Value-Added Exports: The Engine that Drives Success for U.S. Agriculture
Part five of a seven part series — Fields, Finances and the Future
Value-added. It’s a term that has been echoing through the food and agriculture value chain for decades. In stark terms, it means to add value in some way to a raw commodity and then marketing the resulting product at a higher price. While many examples of value-added strategies exist in the agricultural marketplace today, perhaps the easiest one to fathom is the conversion of U.S.-grown feed grains and oilseeds to livestock feed and then selling higher-valued meat rather than commoditized bulk crops.
While exporting bulk commodities remains vital to the overall profitability of America’s farmers, U.S. exports of corn and soybeans are facing a growing challenge in the global marketplace. In fact, Brazil is already the world’s largest exporter of soybeans, and analysts believe Brazil will surpass the United States in corn exports for the second time ever this year.
The competition from Brazil is also stiff in value-added categories, such as meat, but what Brazil does not have is the reputational advantage of U.S.-grown meat – beef, pork, poultry and lamb.
According to Darrell Holaday, President and Analyst for Advanced Market Concepts, to thrive in the global agricultural market, the United States needs to shift its focus.
“I’m not saying don’t export corn or soybeans,” he explained. “But the real advantage is to keep more of those commodities here at home as livestock feed. The quality of U.S.-grown meat in the consumers’ mind throughout the world is a big advantage.
“We can leverage that in producing high-quality meat products, such as beef, pork, and poultry, which are in high demand globally. By shifting toward value-added products American farmers can differentiate themselves from competitors and meet the increasing global demand for protein, which is on a continual track higher.”
Mac Marshall, Vice President of Market Intelligence for the United Soybean Board, also sees the direct connection between livestock feed and building value for commodities such as corn and soybeans.

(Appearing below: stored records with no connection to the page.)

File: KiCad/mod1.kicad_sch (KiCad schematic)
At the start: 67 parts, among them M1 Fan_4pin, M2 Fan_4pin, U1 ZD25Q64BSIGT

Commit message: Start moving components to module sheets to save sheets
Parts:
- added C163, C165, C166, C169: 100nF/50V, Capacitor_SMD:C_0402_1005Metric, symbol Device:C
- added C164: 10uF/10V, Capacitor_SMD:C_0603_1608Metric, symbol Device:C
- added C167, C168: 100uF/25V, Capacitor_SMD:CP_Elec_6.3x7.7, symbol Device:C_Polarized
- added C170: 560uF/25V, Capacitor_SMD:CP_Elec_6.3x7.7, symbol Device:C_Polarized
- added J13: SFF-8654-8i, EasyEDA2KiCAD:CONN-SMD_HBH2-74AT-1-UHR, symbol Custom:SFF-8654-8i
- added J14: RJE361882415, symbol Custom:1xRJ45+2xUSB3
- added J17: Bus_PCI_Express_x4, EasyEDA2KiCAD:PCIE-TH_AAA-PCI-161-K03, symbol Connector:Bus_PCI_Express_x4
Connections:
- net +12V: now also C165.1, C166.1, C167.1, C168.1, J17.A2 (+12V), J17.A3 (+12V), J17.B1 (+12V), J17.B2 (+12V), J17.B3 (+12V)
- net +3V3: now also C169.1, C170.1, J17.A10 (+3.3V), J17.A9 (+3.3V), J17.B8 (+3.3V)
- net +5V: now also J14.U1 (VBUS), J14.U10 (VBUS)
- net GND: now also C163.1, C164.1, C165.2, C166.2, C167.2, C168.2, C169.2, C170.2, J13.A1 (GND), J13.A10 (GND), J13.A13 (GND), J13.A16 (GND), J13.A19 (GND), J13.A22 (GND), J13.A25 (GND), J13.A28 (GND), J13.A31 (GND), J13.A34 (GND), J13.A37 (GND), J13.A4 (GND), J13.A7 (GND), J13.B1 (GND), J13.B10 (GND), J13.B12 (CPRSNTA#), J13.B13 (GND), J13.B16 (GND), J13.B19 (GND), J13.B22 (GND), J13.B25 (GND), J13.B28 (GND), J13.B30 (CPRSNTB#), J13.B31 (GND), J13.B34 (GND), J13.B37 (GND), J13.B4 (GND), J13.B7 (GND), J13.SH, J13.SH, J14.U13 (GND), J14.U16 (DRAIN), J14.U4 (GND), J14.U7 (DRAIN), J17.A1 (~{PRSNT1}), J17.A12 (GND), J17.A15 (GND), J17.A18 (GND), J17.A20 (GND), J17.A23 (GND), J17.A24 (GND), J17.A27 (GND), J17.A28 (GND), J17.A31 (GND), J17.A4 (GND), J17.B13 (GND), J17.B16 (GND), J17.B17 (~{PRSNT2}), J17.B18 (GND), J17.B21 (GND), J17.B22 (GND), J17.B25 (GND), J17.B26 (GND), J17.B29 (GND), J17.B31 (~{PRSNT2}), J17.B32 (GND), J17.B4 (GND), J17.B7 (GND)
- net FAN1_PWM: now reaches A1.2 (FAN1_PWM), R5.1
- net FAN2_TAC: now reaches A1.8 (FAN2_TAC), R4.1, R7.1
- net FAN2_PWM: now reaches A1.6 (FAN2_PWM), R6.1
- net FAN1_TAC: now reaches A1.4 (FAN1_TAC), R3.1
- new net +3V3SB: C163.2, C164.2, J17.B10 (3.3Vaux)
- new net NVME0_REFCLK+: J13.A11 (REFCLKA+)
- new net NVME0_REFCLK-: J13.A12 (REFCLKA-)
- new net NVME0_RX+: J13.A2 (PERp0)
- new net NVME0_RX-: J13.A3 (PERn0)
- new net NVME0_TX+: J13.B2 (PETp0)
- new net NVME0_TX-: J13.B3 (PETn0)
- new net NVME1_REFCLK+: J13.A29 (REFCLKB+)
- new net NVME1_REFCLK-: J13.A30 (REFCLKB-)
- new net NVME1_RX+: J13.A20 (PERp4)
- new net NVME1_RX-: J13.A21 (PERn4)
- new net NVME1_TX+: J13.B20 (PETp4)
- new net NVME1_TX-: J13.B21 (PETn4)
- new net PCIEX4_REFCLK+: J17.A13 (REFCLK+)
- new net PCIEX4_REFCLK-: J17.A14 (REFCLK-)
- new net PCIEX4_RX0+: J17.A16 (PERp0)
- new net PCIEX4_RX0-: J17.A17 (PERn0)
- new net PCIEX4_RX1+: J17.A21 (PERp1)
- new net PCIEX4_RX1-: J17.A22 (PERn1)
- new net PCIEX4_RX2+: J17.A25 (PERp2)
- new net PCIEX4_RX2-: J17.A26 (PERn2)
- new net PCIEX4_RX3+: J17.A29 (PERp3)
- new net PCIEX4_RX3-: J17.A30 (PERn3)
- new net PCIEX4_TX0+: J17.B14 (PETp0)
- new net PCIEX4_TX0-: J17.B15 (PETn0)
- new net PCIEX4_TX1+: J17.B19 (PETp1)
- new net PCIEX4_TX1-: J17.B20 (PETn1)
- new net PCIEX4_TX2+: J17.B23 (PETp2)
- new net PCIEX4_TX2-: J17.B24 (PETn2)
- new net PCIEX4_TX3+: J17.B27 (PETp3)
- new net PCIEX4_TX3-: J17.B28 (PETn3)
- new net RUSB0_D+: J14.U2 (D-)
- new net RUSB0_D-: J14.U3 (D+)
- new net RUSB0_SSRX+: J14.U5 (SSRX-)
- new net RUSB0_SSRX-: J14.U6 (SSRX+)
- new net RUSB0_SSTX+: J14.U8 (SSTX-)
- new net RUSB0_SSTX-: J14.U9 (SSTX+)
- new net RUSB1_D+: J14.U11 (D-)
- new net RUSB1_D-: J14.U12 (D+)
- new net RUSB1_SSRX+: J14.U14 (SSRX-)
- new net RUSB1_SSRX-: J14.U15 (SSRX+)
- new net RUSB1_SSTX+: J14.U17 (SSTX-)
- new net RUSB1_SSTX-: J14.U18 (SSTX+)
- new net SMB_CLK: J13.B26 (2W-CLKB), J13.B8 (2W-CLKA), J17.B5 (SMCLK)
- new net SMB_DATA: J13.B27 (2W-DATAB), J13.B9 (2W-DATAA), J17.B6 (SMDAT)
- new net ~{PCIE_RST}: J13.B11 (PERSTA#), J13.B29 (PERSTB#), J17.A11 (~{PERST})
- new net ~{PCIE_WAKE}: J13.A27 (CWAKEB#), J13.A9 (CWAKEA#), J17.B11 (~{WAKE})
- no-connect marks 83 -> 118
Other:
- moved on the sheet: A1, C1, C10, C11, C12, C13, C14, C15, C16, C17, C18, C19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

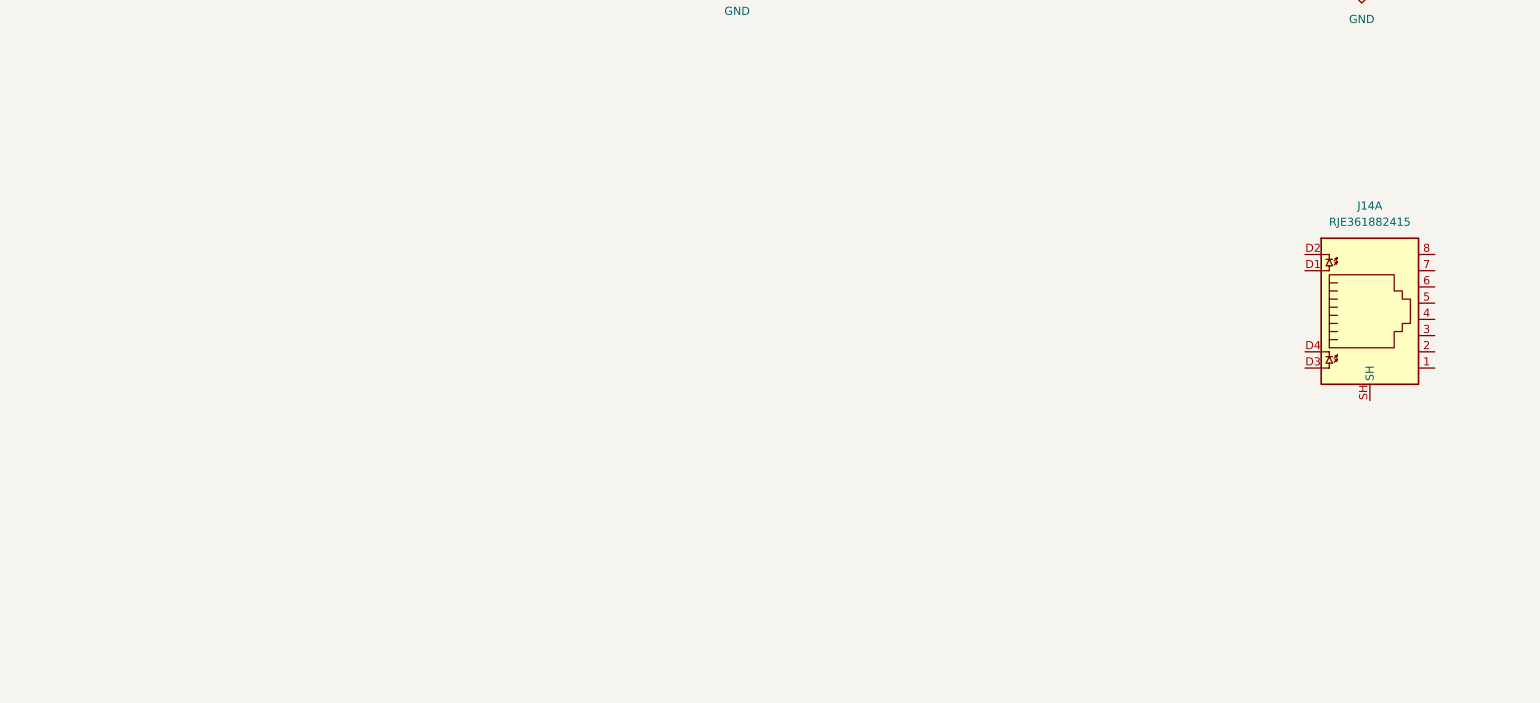
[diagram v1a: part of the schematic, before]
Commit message: Add RTL8125 to Module Sheet
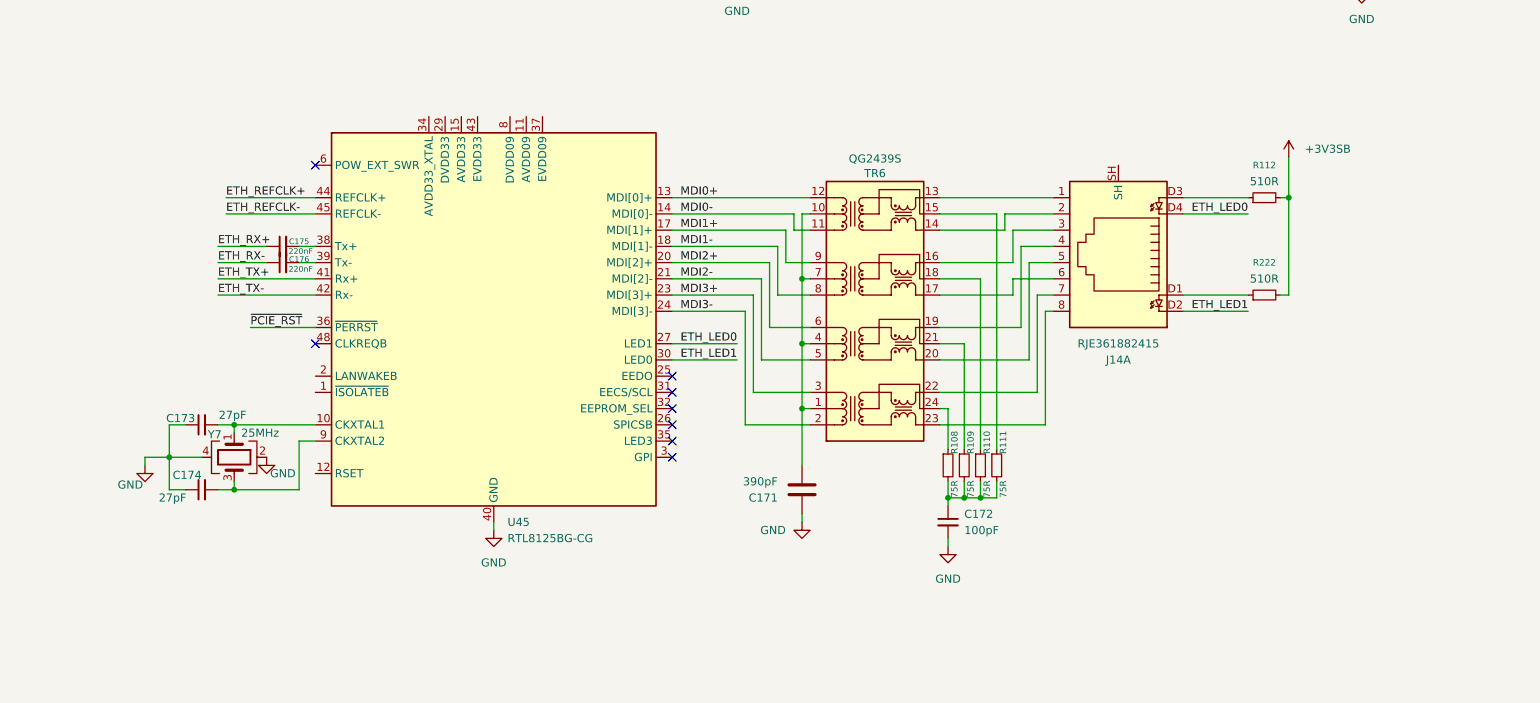
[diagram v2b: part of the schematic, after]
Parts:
- added C171: 390pF, Capacitor_SMD:C_0402_1005Metric, symbol Device:C
- added C172: 100pF, Capacitor_SMD:C_0402_1005Metric, symbol Device:C_Small
- added C173, C174: 27pF, Capacitor_SMD:C_0402_1005Metric, symbol Device:C_Small
- added C175, C176: 220nF, Capacitor_SMD:C_0402_1005Metric, symbol Device:C_Small
- added R108, R109, R110, R111: 75R, Resistor_SMD:R_0402_1005Metric, symbol Device:R_Small
- added R112, R222: 510R, Resistor_SMD:R_0402_1005Metric, symbol Device:R_Small
- added TR6: QG2439S, Custom:QG2439S, symbol Transformer:30F-51NL
- added U45: RTL8125BG-CG, Package_DFN_QFN:QFN-48-1EP_6x6mm_P0.4mm_EP4.2x4.2mm, symbol Custom:RTL8125BG-CG
- added Y7: 25MHz, Crystal:Crystal_SMD_3225-4Pin_3.2x2.5mm, symbol Device:Crystal_GND24
- J14: footprint (none) -> RJE361882145:AMPHENOL_RJE361882415
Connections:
- net +3V3SB: now also R112.2, R222.2
- net GND: now also C171.1, C172.2, C173.1, C174.1, U45.40 (GND), U45.49 (GND), Y7.2, Y7.4
- net ~{PCIE_RST}: now also U45.36 (~{PERRST})
- net at J14.1: now also TR6.13 (MX4-)
- net at J14.2: now also TR6.14 (MX4+)
- net at J14.3: now also TR6.16 (MX3-)
- net at J14.4: now also TR6.19 (MX2-)
- net at J14.5: now also TR6.20 (MX2+)
- net at J14.6: now also TR6.17 (MX3+)
- net at J14.7: now also TR6.22 (MX1-)
- net at J14.8: now also TR6.23 (MX1+)
- net at J14.D1: now also R222.1
- net ETH_LED1: now reaches J14.D2
- net ETH_LED1: now also U45.30 (EEDI/SDA)
- net at J14.D3: now also R112.1
- net ETH_LED0: now reaches J14.D4
- net ETH_LED0: now also U45.27 (EESK)
- new net: R109.1, TR6.21 (CT)
- new net: C172.1, R108.2, R109.2, R110.2, R111.2
- new net: C171.2, TR6.1 (CT), TR6.10 (CT), TR6.4 (CT), TR6.7 (CT)
- new net: R111.1, TR6.15 (CT)
- new net: R110.1, TR6.18 (CT)
- new net: R108.1, TR6.24 (CT)
- new net: C173.2, U45.10 (CKXTAL1), Y7.1
- new net: U45.11 (AVDD09), U45.16 (AVDD09), U45.22 (AVDD09)
- new net: U45.15 (AVDD33), U45.19 (AVDD33), U45.33 (AVDD33)
- new net: U45.28 (DVDD09), U45.47 (DVDD09), U45.8 (DVDD09)
- new net: U45.29 (DVDD33), U45.46 (DVDD33)
- new net: C175.2, U45.38 (Tx+)
- new net: C176.2, U45.39 (Tx-)
- new net: U45.4 (NC), U45.5 (NC), U45.7 (NC)
- new net: C174.2, U45.9 (CKXTAL2), Y7.3
- new net ETH_REFCLK+: U45.44 (REFCLK+)
- new net ETH_REFCLK-: U45.45 (REFCLK-)
- new net ETH_RX+: C175.1
- new net ETH_RX-: C176.1
- new net ETH_TX+: U45.41 (Rx+)
- new net ETH_TX-: U45.42 (Rx-)
- new net MDI0+: TR6.12 (TD4-), U45.13 (MDI[0]+)
- new net MDI0-: TR6.11 (TD4+), U45.14 (MDI[0]-)
- new net MDI1+: TR6.9 (TD3-), U45.17 (MDI[1]+)
- new net MDI1-: TR6.8 (TD3+), U45.18 (MDI[1]-)
- new net MDI2+: TR6.6 (TD2-), U45.20 (MDI[2]+)
- new net MDI2-: TR6.5 (TD2+), U45.21 (MDI[2]-)
- new net MDI3+: TR6.3 (TD1-), U45.23 (MDI[3]+)
- new net MDI3-: TR6.2 (TD1+), U45.24 (MDI[3]-)
- no-connect marks 118 -> 126
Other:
- moved on the sheet: J14A

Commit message: Finish RTL8125, Move HDMI
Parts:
- added C177, C180, C181, C182, C351, C352, C353, C356: 2.2uF, Capacitor_SMD:C_0402_1005Metric, symbol Device:C_Small
- added C178, C179, C357, C358, C359, C360, C361, C362, C363, C364, C365: 100nF, Capacitor_SMD:C_0402_1005Metric, symbol Device:C_Small
- added C347, C350, C354, C355: 10uF, Capacitor_SMD:C_0402_1005Metric, symbol Device:C_Small
- added C348, C349: 1uF, Capacitor_SMD:C_0402_1005Metric, symbol Device:C_Small
- added D22, D23: B0520W, Diode_SMD:D_SOD-123, symbol Device:D_Schottky
- added D24, D25, D26: SMF33A, Diode_SMD:D_SOD-123F, symbol Device:D_TVS
- added J18: HDMI_A, Connector_Video:HDMI_A_Molex_208658-1001_Horizontal, symbol Connector:HDMI_A
- added Q4, Q5, Q6, Q7: 2N7002, Package_TO_SOT_SMD:SOT-23, symbol Transistor_FET:Q_NMOS_GSD
- added R223: 4.7k, Resistor_SMD:R_0402_1005Metric, symbol Device:R_Small
- added R224, R225, R226, R227, R228, R229, R230, R231: 470R, Resistor_SMD:R_0402_1005Metric, symbol Device:R_Small
- added R232, R233, R235, R236: 2.2k, Resistor_SMD:R_0402_1005Metric, symbol Device:R_Small
- added R234: 1M, Resistor_SMD:R_0402_1005Metric, symbol Device:R_Small
- added R237: 1k, Resistor_SMD:R_0805_2012Metric, symbol Device:R_Small
- added R238: 22k, Resistor_SMD:R_0402_1005Metric, symbol Device:R_Small
- added U46, U47: H5VU25U, Package_DFN_QFN:Diodes_UDFN-10_1.0x2.5mm_P0.5mm, symbol Power_Protection:D3V3XA4B10LP
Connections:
- net +3V3: now also Q5.1 (G), Q6.1 (G), Q7.1 (G), R223.1, R234.1, R235.1, R236.1
- net +3V3SB: now also U45.15 (AVDD33), U45.19 (AVDD33), U45.29 (DVDD33), U45.33 (AVDD33), U45.34 (AVDD33_XTAL), U45.43 (EVDD33), U45.46 (DVDD33), C177.2, C178.2, C179.2, C180.2, C181.2, C182.2, C347.2, C348.2
- net +5V: now also D23.2 (A)
- net GND: now also J14.SH, C177.1, C178.1, C179.1, C180.1, C181.1, C182.1, C347.1, C348.1, C349.2, C350.2, C351.2, C352.2, C353.2, C354.2, C355.2, C356.2, C364.2, D24.1 (A1), D25.1 (A1), D26.1 (A1), J18.11 (CKS), J18.17 (GND), J18.2 (D2S), J18.5 (D1S), J18.8 (D0S), J18.SH, Q4.2 (S), R224.2, R225.2, R226.2, R227.2, R228.2, R229.2, R230.2, R231.2, R238.2, U46.3 (VSS), U46.8 (VSS), U47.3 (VSS), U47.8 (VSS)
- net MDI3-: now also C171.2, TR6.1 (CT), TR6.10 (CT), TR6.4 (CT), TR6.7 (CT)
- net ~{PCIE_WAKE}: now also U45.2 (LANWAKEB), R223.2
- net POWER_S0: now reaches U45.1 (~{ISOLATEB})
- net POWER_S0: now also A1.5 (SLS_S0), Q4.1 (G)
- net +0V95: now reaches U45.11 (AVDD09), U45.16 (AVDD09), U45.22 (AVDD09)
- net +0V95: now also U45.28 (DVDD09), U45.37 (EVDD09), U45.47 (DVDD09), U45.8 (DVDD09), C349.1, C350.1, C351.1, C352.1, C353.1, C354.1, C355.1, C356.1
- net at U45.6 (POW_EXT_SWR): now also D22.2 (A)
- net at D3.1 (K): now also Q4.3 (D); no longer A1.5 (SLS_S0)
- new net: Q7.3 (D), R237.1, R238.1
- new net: C360.2, J18.6 (D1-), R227.1, U46.4
- new net: C357.2, J18.1 (D2+), R224.1, U46.1
- new net: C358.2, J18.3 (D2-), R225.1, U46.2
- new net: C359.2, J18.4 (D1+), R226.1, U46.5
- new net: D25.2 (A2), J18.16 (SDA), Q6.3 (D), R233.2
- new net: C365.2, J18.12 (CK-), R231.1, U47.4
- new net: C362.2, J18.9 (D0-), R229.1, U47.2
- new net: C363.2, J18.10 (CK+), R230.1, U47.5
- new net: D24.2 (A2), J18.15 (SCL), Q5.3 (D), R232.2
- new net: D26.2 (A2), J18.19 (HPD), R237.2
- new net: C361.2, J18.7 (D0+), R228.1, U47.1
- new net +5VHDMI: C364.1, D23.1 (K), J18.18 (+5V), R232.1, R233.1
- new net 0V95_ENABLE: D22.1 (K)
- new net HDMI_HPD: Q7.2 (S), R234.2
- new net HDMI_SCL: Q5.2 (S), R236.2
- new net HDMI_SDA: Q6.2 (S), R235.2
- new net HDMI_TX0+: C357.1
- new net HDMI_TX0-: C358.1
- new net HDMI_TX1+: C359.1
- new net HDMI_TX1-: C360.1
- new net HDMI_TX2+: C361.1
- new net HDMI_TX2-: C362.1
- new net HDMI_TX3+: C363.1
- new net HDMI_TX3-: C365.1
- no-connect marks 126 -> 127
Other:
- moved on the sheet: C171, C172, C173, C174, C175, C176, D3, J13A, J13B, J14A, R108, R109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

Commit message: Add ESD Protection
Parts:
- removed D24, D25, D26: SMF33A, Diode_SMD:D_SOD-123F, symbol Device:D_TVS
- added R239: 2.49k, Resistor_SMD:R_0402_1005Metric, symbol Device:R_Small
- added U48, U49, U50, U51, U52, U53: H5VU25U, Package_DFN_QFN:Diodes_UDFN-10_1.0x2.5mm_P0.5mm, symbol Power_Protection:D3V3XA4B10LP
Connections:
- net ETH_LED0: now also U45.30 (EEDI/SDA); no longer U45.27 (EESK)
- net ETH_LED1: now also U45.27 (EESK); no longer U45.30 (EEDI/SDA)
- net GND: now also R239.2, U48.3 (VSS), U48.8 (VSS), U49.3 (VSS), U49.8 (VSS), U50.3 (VSS), U50.8 (VSS), U51.3 (VSS), U51.8 (VSS), U52.3 (VSS), U52.8 (VSS), U53.3 (VSS), U53.8 (VSS)
- net MDI0+: now also U49.1, U49.10 (NC)
- net MDI0-: now also U49.2, U49.9 (NC)
- net MDI1+: now also U49.4, U49.7 (NC)
- net MDI1-: now also U49.5, U49.6 (NC)
- net MDI2+: now also U50.1, U50.10 (NC)
- net MDI2-: now also U50.2, U50.9 (NC)
- net MDI3+: now also U50.4, U50.7 (NC)
- net MDI3-: now also U50.5, U50.6 (NC)
- net RUSB0_D+: now also U53.1, U53.10 (NC)
- net RUSB0_D-: now also U53.2, U53.9 (NC)
- net RUSB0_SSRX+: now also U51.1, U51.10 (NC)
- net RUSB0_SSRX-: now also U51.2, U51.9 (NC)
- net RUSB0_SSTX+: now also U51.4, U51.7 (NC)
- net RUSB0_SSTX-: now also U51.5, U51.6 (NC)
- net RUSB1_D+: now also U53.4, U53.7 (NC)
- net RUSB1_D-: now also U53.5, U53.6 (NC)
- net RUSB1_SSRX+: now also U52.1, U52.10 (NC)
- net RUSB1_SSRX-: now also U52.2, U52.9 (NC)
- net RUSB1_SSTX+: now also U52.4, U52.7 (NC)
- net RUSB1_SSTX-: now also U52.5, U52.6 (NC)
- net HDMI_D1-: now reaches C360.2, J18.6 (D1-), R227.1
- net HDMI_D1-: now also U46.5, U46.6 (NC); no longer U46.4
- net HDMI_D2+: now reaches C357.2, J18.1 (D2+), R224.1, U46.1
- net HDMI_D2+: now also U46.10 (NC)
- net HDMI_D2-: now reaches C358.2, J18.3 (D2-), R225.1, U46.2
- net HDMI_D2-: now also U46.9 (NC)
- net HDMI_D1+: now reaches C359.2, J18.4 (D1+), R226.1
- net HDMI_D1+: now also U46.4, U46.7 (NC); no longer U46.5
- net HDMI_SDAO: now reaches J18.16 (SDA), Q6.3 (D), R233.2
- net HDMI_SDAO: now also U48.2, U48.9 (NC)
- net HDMI_CK-: now reaches C365.2, J18.12 (CK-), R231.1
- net HDMI_CK-: now also U47.5, U47.6 (NC); no longer U47.4
- net HDMI_D0-: now reaches C362.2, J18.9 (D0-), R229.1, U47.2
- net HDMI_D0-: now also U47.9 (NC)
- net HDMI_CK+: now reaches C363.2, J18.10 (CK+), R230.1
- net HDMI_CK+: now also U47.4, U47.7 (NC); no longer U47.5
- net HDMI_SCLO: now reaches J18.15 (SCL), Q5.3 (D), R232.2
- net HDMI_SCLO: now also U48.1, U48.10 (NC)
- net HDMI_HPDO: now reaches J18.19 (HPD), R237.2
- net HDMI_HPDO: now also U48.5, U48.6 (NC)
- net HDMI_D0+: now reaches C361.2, J18.7 (D0+), R228.1, U47.1
- net HDMI_D0+: now also U47.10 (NC)
- net at U45.12 (RSET): now also R239.1
- no-connect marks 127 -> 128
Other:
- moved on the sheet: C171, C172, C173, C174, C175, C176, C177, C178, C179, C180, C181, C182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

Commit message: Start connecting module
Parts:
- removed C15, C16, C17, C18: 10nF, Capacitor_SMD:C_0402_1005Metric, symbol Device:C_Small
- removed C22, C23: 100pF, Capacitor_SMD:C_0402_1005Metric, symbol Device:C_Small
- removed C24, C25: 100nF, Capacitor_SMD:C_0402_1005Metric, symbol Device:C_Small
- removed C26, C27, C30, C31: 330nF, Capacitor_SMD:C_0402_1005Metric, symbol Device:C_Small
- removed C28, C29, C32, C33: 220nF, Capacitor_SMD:C_0402_1005Metric, symbol Device:C_Small
- removed R26: 100k, Resistor_SMD:R_0402_1005Metric, symbol Device:R_Small
- C11, C12, C13, C14: value 10nF -> 220nF
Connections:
- net ETH.Rx0+ is gone; now on net ETH_RX+: A1.64 (HSIO6_RX+)
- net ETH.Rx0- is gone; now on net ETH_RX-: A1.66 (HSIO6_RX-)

While expansions and contractions in the cattle cycle are more relevant for corn demand, soy is more important as feed for hogs and poultry. Domestically, nearly three quarters of all soybeans produced go into livestock feed.
“We definitely want to see continued growth in domestic livestock production, particularly in the swine area,” he said. I view that as an opportunity for increased soymeal inclusion as well as upsides for potential animal health and nutrition outcomes in swine.”
But he concedes, recently the U.S. meat industry has experienced additional consolidation, leading to the shuttering of some plants and breeding facilities. Another complicating factor is when demand for feed crops is decreased due to the outbreak of a livestock-related disease.
“Anytime there’s a large-scale outbreak of livestock disease, that does present significant potential for demand loss, like what we had with the highly pathogenic avian influenza outbreak,” Marshall said. “We saw that happen in other parts of the world as well, like what happened in China with ASF (African Swine Fever) and overall decreased demand.”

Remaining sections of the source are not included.